Top of Excerpted data
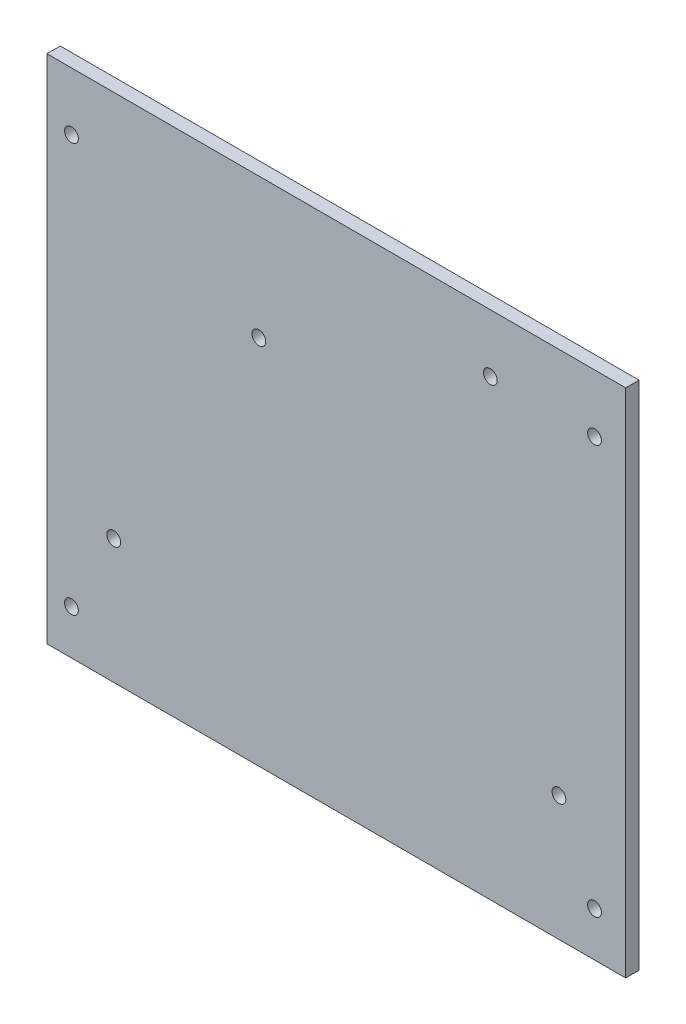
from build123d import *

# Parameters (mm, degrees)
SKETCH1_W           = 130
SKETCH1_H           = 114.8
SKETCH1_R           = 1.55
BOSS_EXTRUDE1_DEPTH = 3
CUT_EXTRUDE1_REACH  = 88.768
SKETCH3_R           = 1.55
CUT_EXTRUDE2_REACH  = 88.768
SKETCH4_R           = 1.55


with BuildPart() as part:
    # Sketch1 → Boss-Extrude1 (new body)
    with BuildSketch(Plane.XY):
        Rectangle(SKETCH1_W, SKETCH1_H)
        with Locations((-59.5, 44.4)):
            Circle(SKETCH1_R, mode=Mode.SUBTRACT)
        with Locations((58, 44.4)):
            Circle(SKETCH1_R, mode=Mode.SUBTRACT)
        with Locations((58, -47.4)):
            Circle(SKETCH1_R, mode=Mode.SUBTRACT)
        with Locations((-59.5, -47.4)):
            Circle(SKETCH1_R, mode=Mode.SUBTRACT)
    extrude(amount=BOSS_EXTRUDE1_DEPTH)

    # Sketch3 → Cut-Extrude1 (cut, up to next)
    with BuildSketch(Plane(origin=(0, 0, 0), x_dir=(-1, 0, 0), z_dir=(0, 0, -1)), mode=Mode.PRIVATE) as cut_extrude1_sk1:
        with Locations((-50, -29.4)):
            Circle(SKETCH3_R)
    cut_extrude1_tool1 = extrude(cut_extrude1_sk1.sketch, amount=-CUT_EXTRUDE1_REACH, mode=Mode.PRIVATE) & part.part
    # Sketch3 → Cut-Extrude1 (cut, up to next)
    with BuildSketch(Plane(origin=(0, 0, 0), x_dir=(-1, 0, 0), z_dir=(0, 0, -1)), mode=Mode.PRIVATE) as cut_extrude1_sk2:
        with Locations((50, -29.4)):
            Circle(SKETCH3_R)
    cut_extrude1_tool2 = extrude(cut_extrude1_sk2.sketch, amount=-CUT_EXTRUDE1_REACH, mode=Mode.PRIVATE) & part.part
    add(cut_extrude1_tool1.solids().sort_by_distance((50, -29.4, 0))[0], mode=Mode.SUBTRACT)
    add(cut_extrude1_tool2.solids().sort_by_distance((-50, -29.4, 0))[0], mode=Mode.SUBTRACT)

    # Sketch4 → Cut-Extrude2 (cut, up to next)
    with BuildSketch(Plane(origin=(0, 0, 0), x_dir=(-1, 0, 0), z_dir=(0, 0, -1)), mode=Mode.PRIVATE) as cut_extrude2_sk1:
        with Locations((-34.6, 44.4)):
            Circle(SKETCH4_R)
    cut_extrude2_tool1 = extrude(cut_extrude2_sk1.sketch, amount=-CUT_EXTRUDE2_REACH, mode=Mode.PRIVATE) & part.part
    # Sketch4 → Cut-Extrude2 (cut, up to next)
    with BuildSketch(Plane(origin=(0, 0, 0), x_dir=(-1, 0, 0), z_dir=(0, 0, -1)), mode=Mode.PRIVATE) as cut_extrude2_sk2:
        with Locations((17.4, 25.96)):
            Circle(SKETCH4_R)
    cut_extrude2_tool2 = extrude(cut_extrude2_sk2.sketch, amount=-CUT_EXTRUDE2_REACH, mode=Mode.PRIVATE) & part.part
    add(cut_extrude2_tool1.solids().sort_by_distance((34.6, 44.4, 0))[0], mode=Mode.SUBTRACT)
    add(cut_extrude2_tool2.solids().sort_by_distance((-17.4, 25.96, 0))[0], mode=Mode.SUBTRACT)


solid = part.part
Bottom of Excerpted data
Please, without any of the pictures, set down exactly the lines from the beginning of the listing to the line that contains "extrude(amount=BOSS_EXTRUDE1_DEPTH)", inclusive.

● **Exercise answer**:
from build123d import *

# Parameters (mm, degrees)
SKETCH1_W           = 130
SKETCH1_H           = 114.8
SKETCH1_R           = 1.55
BOSS_EXTRUDE1_DEPTH = 3
CUT_EXTRUDE1_REACH  = 88.768
SKETCH3_R           = 1.55
CUT_EXTRUDE2_REACH  = 88.768
SKETCH4_R           = 1.55


with BuildPart() as part:
    # Sketch1 → Boss-Extrude1 (new body)
    with BuildSketch(Plane.XY):
        Rectangle(SKETCH1_W, SKETCH1_H)
        with Locations((-59.5, 44.4)):
            Circle(SKETCH1_R, mode=Mode.SUBTRACT)
        with Locations((58, 44.4)):
            Circle(SKETCH1_R, mode=Mode.SUBTRACT)
        with Locations((58, -47.4)):
            Circle(SKETCH1_R, mode=Mode.SUBTRACT)
        with Locations((-59.5, -47.4)):
            Circle(SKETCH1_R, mode=Mode.SUBTRACT)
    extrude(amount=BOSS_EXTRUDE1_DEPTH)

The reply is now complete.